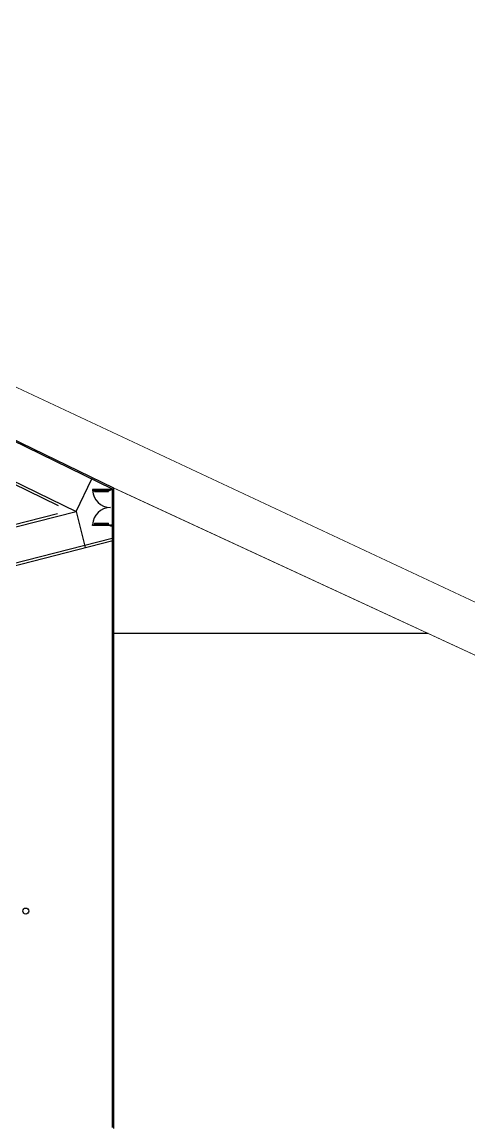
# Model space of a CAD drawing. Header units: metres. Extents: x -331 to 2982, y 362 to 2539.
# Drawn here: x 818.5 to 837.02, y 1015.1 to 1060.84 of the extents above; entities that cross this region are included whole.
import ezdxf

# ---------------------------------------------------------------- set-up
doc = ezdxf.new("R2010")
doc.units = ezdxf.units.M
doc.layers.get('0').update_dxf_attribs({"color": 251})
doc.layers.add('CX', color=251, linetype='Continuous')
doc.layers.add('Pis', color=251, linetype='Continuous')

msp = doc.modelspace()

# ---------------------------------------------------------------- linework, layer by layer
at = {"lineweight": 0}
msp.add_lwpolyline([(924.793, 803.353), (923.977, 997.797, 0.414222), (918.991, 1002.798, 0.000679), (885.373, 1002.81), (885.373, 1011.002), (885.373, 1011.602), (886.346, 1011.602, 0.742789), (887.202, 1015.306), (883.812, 1016.616), (861.104, 1023.517), (822.286, 1041.497), (810.536, 1047.218), (766.937, 1070.37), (744.433, 1083.333), (742.89, 1084.221), (740.77, 1085.453, 0.577621), (738.214, 1083.99), (738.288, 1030.283), (738.258, 981.963), (738.478, 955.361), (738.53, 946.811), (739.233, 850.325)], format="xyb", dxfattribs=at)
at = {"layer": 'CX', "color": 251, "true_color": 0x606060}
for p, q in [((821.496, 1041.344), (821.495, 1041.403)), ((821.496, 1041.344), (822.086, 1041.344)), ((821.518, 1041.344), (821.518, 1041.403)), ((821.518, 1041.366), (822.064, 1041.366)), ((822.064, 1041.403), (822.064, 1041.344)), ((822.086, 1041.403), (822.086, 1041.344)), ((821.496, 1040.03), (821.496, 1039.971)), ((821.496, 1040.03), (822.086, 1040.03)), ((821.518, 1040.03), (821.518, 1039.971)), ((821.518, 1040.008), (822.064, 1040.008)), ((822.064, 1039.971), (822.064, 1040.03)), ((822.086, 1039.971), (822.086, 1040.03))]:
    msp.add_line(p, q, dxfattribs=at)
at = {"layer": 'CX'}
for p, q in [((822.236, 1041.462), (822.162, 1041.462)), ((822.162, 1041.462), (822.162, 1041.433)), ((822.192, 1041.433), (822.162, 1041.433)), ((822.192, 1041.433), (822.192, 1041.425)), ((822.236, 1041.425), (822.192, 1041.425)), ((822.236, 1041.462), (822.236, 1041.425)), ((822.192, 1039.942), (822.162, 1039.942)), ((822.162, 1039.912), (822.162, 1039.942)), ((822.236, 1039.912), (822.162, 1039.912)), ((822.236, 1039.949), (822.192, 1039.949)), ((822.192, 1039.942), (822.192, 1039.949)), ((822.236, 1039.912), (822.236, 1039.949))]:
    msp.add_line(p, q, dxfattribs=at)
for points in [[(822.162, 1041.403), (822.162, 1041.433), (821.419, 1041.432), (821.419, 1041.403)], [(822.162, 1039.971), (822.162, 1039.942), (821.42, 1039.942), (821.42, 1039.971)]]:
    msp.add_lwpolyline(points, close=True, dxfattribs=at)
at = {"layer": 'CX', "color": 251, "true_color": 0x606060}
for centre, start, end in [((822.166, 1041.434), 182.3945, 269.745), ((822.166, 1039.94), 90.2754, 177.6259)]:
    msp.add_arc(centre, 0.747, start, end, dxfattribs=at)
at = {"layer": 'Pis'}
for p, q in [((810.514, 1047.173), (822.236, 1041.462)), ((810.536, 1047.218), (822.286, 1041.497)), ((814.383, 1043.508), (819.998, 1040.773)), ((814.536, 1043.545), (820.736, 1040.524)), ((820.736, 1040.524), (821.393, 1041.873)), ((820.736, 1040.524), (821.393, 1041.873)), ((822.286, 1041.497), (822.286, 1014.903)), ((822.236, 1041.444), (822.236, 1014.953)), ((811.849, 1038.26), (820.736, 1040.524)), ((811.922, 1038.382), (819.962, 1040.43)), ((820.736, 1040.524), (821.12, 1039.019)), ((820.736, 1040.524), (821.12, 1039.019)), ((814.176, 1037.353), (822.236, 1039.407)), ((814.201, 1037.256), (822.261, 1039.31)), ((822.236, 1039.303), (822.236, 1035.453)), ((835.333, 1035.453), (822.236, 1035.453))]:
    msp.add_line(p, q, dxfattribs=at)
at = {"layer": 'Pis', "const_width": 0.03}
msp.add_lwpolyline([(858.363, 1026.868), (807.642, 1050.655), (795.943, 1056.632), (742.892, 1087.696)], dxfattribs=at)
msp.add_lwpolyline([(924.793, 803.353), (923.977, 997.797, 0.414222), (918.991, 1002.798, 0.000679), (885.373, 1002.81), (885.373, 1011.002), (885.373, 1011.602), (886.346, 1011.602, 0.742789), (887.202, 1015.306), (883.812, 1016.616), (861.104, 1023.517), (822.286, 1041.497), (810.536, 1047.218), (766.937, 1070.37), (744.433, 1083.333), (742.89, 1084.221), (740.77, 1085.453, 0.577621), (738.214, 1083.99), (738.288, 1030.283), (738.258, 981.963), (738.478, 955.361), (738.53, 946.811), (739.233, 850.325)], format="xyb", dxfattribs=at)
at = {"layer": 'Pis'}
msp.add_circle((818.654, 1023.934), 0.125, dxfattribs=at)

doc.saveas('drawing.dxf')
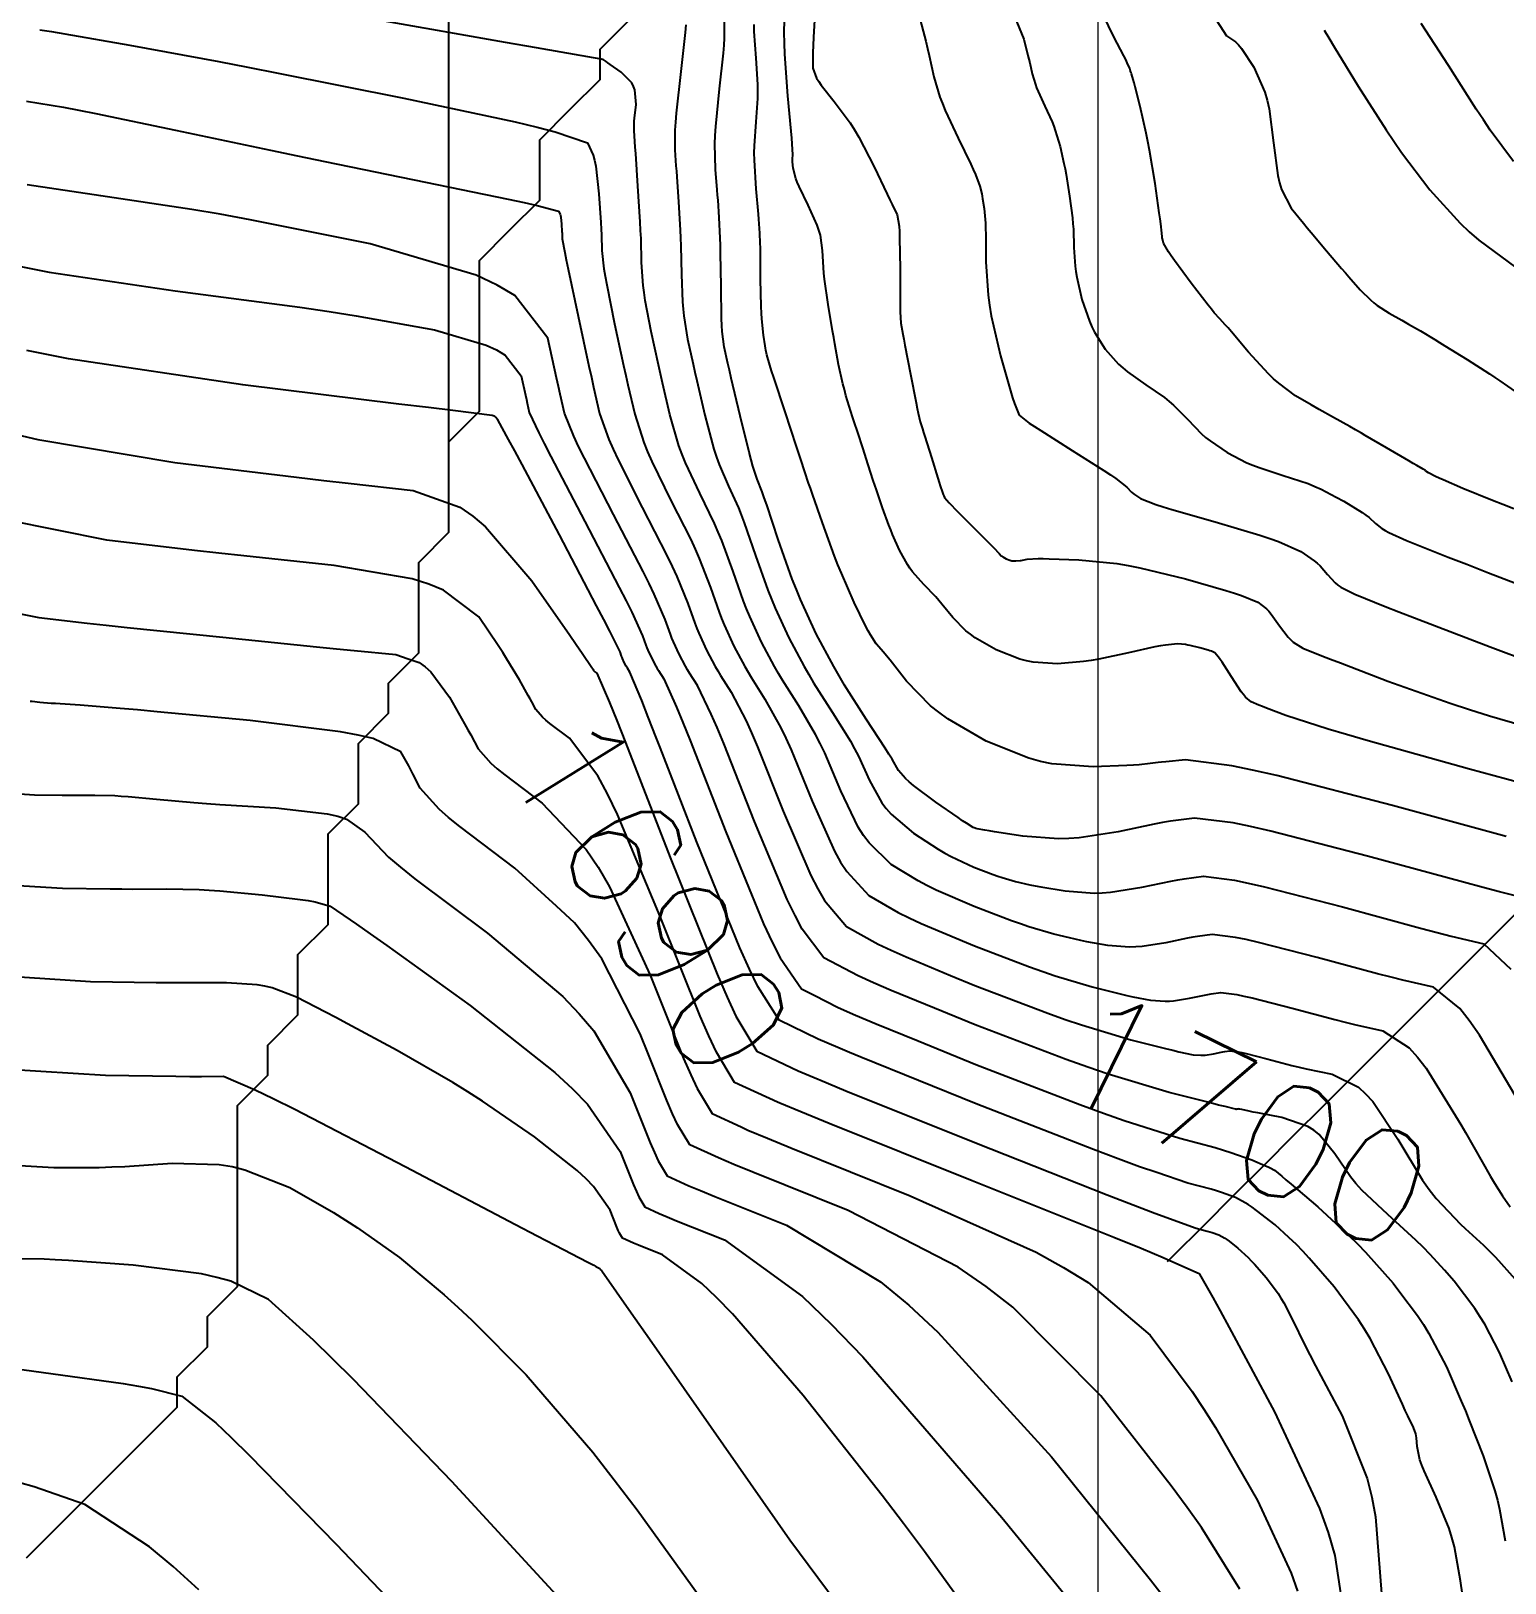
# Model space of a CAD drawing. Header units: metres. Extents: x 837475 to 838479, y 1189012 to 1191015.
# Drawn here: x 837841.2 to 837890, y 1189129.6 to 1189181 of the extents above; entities that cross this region are included whole.
import ezdxf

# ---------------------------------------------------------------- set-up
doc = ezdxf.new("R2010")
doc.units = ezdxf.units.M
doc.header["$LTSCALE"] = 0.3
doc.layers.add('COORD', color=7, linetype='Continuous', lineweight=20)
for name, color, linetype in [('COTAS 10', 1, 'Continuous'), ('COTAS INT', 252, 'Continuous'), ('DRENAJE', 5, 'Continuous')]:
    doc.layers.add(name, color=color, linetype=linetype)
doc.styles.get("Standard").update_dxf_attribs({"font": 'simplex.shx'})

msp = doc.modelspace()

# ---------------------------------------------------------------- linework, layer by layer
at = {"layer": 'COORD'}
msp.add_line((837876.514, 1189013.872), (837876.514, 1191013.872), dxfattribs=at)
at = {"layer": 'COTAS 10'}
for points in [[(837890.277, 1189165.21), (837889.912, 1189165.354), (837889.576, 1189165.487), (837888.596, 1189165.885), (837887.937, 1189166.167), (837887.803, 1189166.227), (837887.69, 1189166.279), (837887.456, 1189166.401), (837887.37, 1189166.462), (837887.351, 1189166.476), (837887.282, 1189166.522), (837887.071, 1189166.646), (837886.951, 1189166.716), (837886.805, 1189166.802), (837886.058, 1189167.237), (837885.359, 1189167.643), (837885.229, 1189167.717), (837885.032, 1189167.83), (837884.849, 1189167.935), (837884.303, 1189168.241), (837883.835, 1189168.503), (837883.7, 1189168.58), (837883.563, 1189168.659), (837883.049, 1189168.959), (837882.49, 1189169.37), (837882.324, 1189169.52), (837882.153, 1189169.684), (837881.494, 1189170.406), (837880.927, 1189171.074), (837880.814, 1189171.204), (837880.72, 1189171.311), (837880.536, 1189171.502), (837880.354, 1189171.707), (837880.26, 1189171.824), (837880.149, 1189171.965), (837879.589, 1189172.692), (837879.034, 1189173.44), (837878.925, 1189173.595), (837878.835, 1189173.728), (837878.67, 1189174.02), (837878.638, 1189174.157), (837878.632, 1189174.193), (837878.627, 1189174.227), (837878.62, 1189174.341), (837878.585, 1189174.659), (837878.564, 1189174.822), (837878.536, 1189175.017), (837878.393, 1189175.99), (837878.209, 1189177.102), (837878.157, 1189177.384), (837878.103, 1189177.655), (837877.904, 1189178.54), (837877.735, 1189179.201), (837877.701, 1189179.331), (837877.672, 1189179.437), (837877.616, 1189179.629), (837877.598, 1189179.667), (837877.595, 1189179.676), (837877.591, 1189179.685), (837877.583, 1189179.712), (837877.577, 1189179.741), (837877.574, 1189179.75), (837877.572, 1189179.76), (837877.561, 1189179.803), (837877.472, 1189179.993), (837877.421, 1189180.096), (837877.357, 1189180.221), (837877.031, 1189180.857), (837876.315, 1189182.342)], [(837890.031, 1189154.352), (837886.267, 1189155.376), (837882.429, 1189156.372), (837881.628, 1189156.556), (837880.941, 1189156.7), (837879.408, 1189156.891), (837878.747, 1189156.83), (837878.61, 1189156.816), (837878.493, 1189156.803), (837878.235, 1189156.767), (837877.867, 1189156.733), (837877.681, 1189156.722), (837877.457, 1189156.71), (837876.345, 1189156.662), (837874.979, 1189156.761), (837874.596, 1189156.842), (837874.211, 1189156.945), (837872.801, 1189157.514), (837871.53, 1189158.255), (837871.233, 1189158.469), (837870.958, 1189158.685), (837870.162, 1189159.496), (837869.617, 1189160.194), (837869.501, 1189160.339), (837869.399, 1189160.464), (837869.159, 1189160.74), (837868.961, 1189161.035), (837868.886, 1189161.171), (837868.802, 1189161.331), (837868.428, 1189162.104), (837868.004, 1189163.074), (837867.889, 1189163.357), (837867.775, 1189163.646), (837867.371, 1189164.745), (837867.041, 1189165.698), (837866.973, 1189165.895), (837866.916, 1189166.064), (837866.792, 1189166.433), (837866.657, 1189166.849), (837866.591, 1189167.048), (837866.514, 1189167.282), (837866.135, 1189168.429), (837865.763, 1189169.56), (837865.69, 1189169.783), (837865.631, 1189169.968), (837865.527, 1189170.314), (837865.499, 1189170.471), (837865.488, 1189170.537), (837865.476, 1189170.613), (837865.419, 1189170.969), (837865.364, 1189171.508), (837865.353, 1189171.7), (837865.344, 1189171.911), (837865.326, 1189172.823), (837865.319, 1189173.684), (837865.317, 1189173.862), (837865.314, 1189174.013), (837865.304, 1189174.341), (837865.278, 1189174.661), (837865.265, 1189174.808), (837865.25, 1189174.981), (837865.174, 1189175.814), (837865.12, 1189176.761), (837865.117, 1189177.006), (837865.12, 1189177.243), (837865.177, 1189178.035), (837865.234, 1189178.81), (837865.237, 1189179.037), (837865.235, 1189179.268), (837865.18, 1189180.146), (837865.116, 1189181.024), (837865.108, 1189181.256)], [(837840.997, 1189178.726), (837842.23, 1189178.52), (837842.731, 1189178.424), (837843.302, 1189178.312), (837845.938, 1189177.763), (837849.087, 1189177.098), (837849.98, 1189176.912), (837850.883, 1189176.724), (837854.219, 1189176.039), (837856.962, 1189175.472), (837857.49, 1189175.358), (837857.918, 1189175.263), (837858.63, 1189175.079), (837858.68, 1189174.975), (837858.691, 1189174.932), (837858.701, 1189174.881), (837858.728, 1189174.645), (837858.744, 1189174.402), (837858.747, 1189174.347), (837858.749, 1189174.298), (837858.754, 1189174.164), (837858.834, 1189173.71), (837858.885, 1189173.46), (837858.948, 1189173.154), (837859.278, 1189171.599), (837859.636, 1189169.942), (837859.717, 1189169.572), (837859.791, 1189169.241), (837859.989, 1189168.367), (837860.296, 1189167.512), (837860.437, 1189167.193), (837860.603, 1189166.838), (837861.404, 1189165.256), (837862.22, 1189163.663), (837862.395, 1189163.301), (837862.547, 1189162.973), (837862.914, 1189162.071), (837863.144, 1189161.421), (837863.21, 1189161.251), (837863.278, 1189161.086), (837863.534, 1189160.527), (837863.82, 1189159.991), (837863.907, 1189159.84), (837863.997, 1189159.688), (837864.351, 1189159.131), (837864.844, 1189158.184), (837865.022, 1189157.785), (837865.218, 1189157.328), (837866.076, 1189155.187), (837866.99, 1189153.064), (837867.221, 1189152.619), (837867.443, 1189152.236), (837868.167, 1189151.366), (837869.223, 1189150.783), (837869.655, 1189150.581), (837870.147, 1189150.36), (837871.619, 1189149.752), (837872.425, 1189149.418), (837874.842, 1189148.498), (837875.421, 1189148.292), (837875.961, 1189148.108), (837877.587, 1189147.619), (837878.738, 1189147.33), (837878.979, 1189147.272), (837879.186, 1189147.222), (837879.652, 1189147.122), (837879.906, 1189147.103), (837879.979, 1189147.105), (837880.053, 1189147.11), (837880.329, 1189147.154), (837880.584, 1189147.208), (837880.645, 1189147.219), (837880.702, 1189147.229), (837880.871, 1189147.251), (837881.146, 1189147.217), (837881.268, 1189147.191), (837881.412, 1189147.158), (837882.099, 1189146.98), (837882.93, 1189146.767), (837883.164, 1189146.711), (837883.401, 1189146.657), (837884.268, 1189146.476), (837885.136, 1189146.042), (837885.372, 1189145.829), (837885.607, 1189145.575), (837886.438, 1189144.322), (837887.255, 1189142.968), (837887.48, 1189142.65), (837887.705, 1189142.357), (837888.512, 1189141.507), (837888.667, 1189141.367), (837889.28, 1189140.809), (837889.48, 1189140.612), (837889.674, 1189140.413), (837890.327, 1189139.682)], [(837884.723, 1189128.118), (837884.367, 1189130.526), (837884.139, 1189131.284), (837883.856, 1189132.08), (837882.367, 1189135.282), (837880.858, 1189138.086), (837880.561, 1189138.631), (837880.318, 1189139.076), (837879.877, 1189139.849), (837878.662, 1189140.395), (837877.93, 1189140.697), (837877.027, 1189141.065), (837872.337, 1189142.939), (837867.595, 1189144.841), (837866.659, 1189145.225), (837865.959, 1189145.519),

____________________

§ Exercise objective
Filter the listing by the string "here"; copy each matching line.

§ Response area
# Drawn here: x 818.5 to 837.02, y 1015.1 to 1060.84 of the extents above; entities that cross this region are included whole.
# Drawn here: x 837841.2 to 837890, y 1189129.6 to 1189181 of the extents above; entities that cross this region are included whole.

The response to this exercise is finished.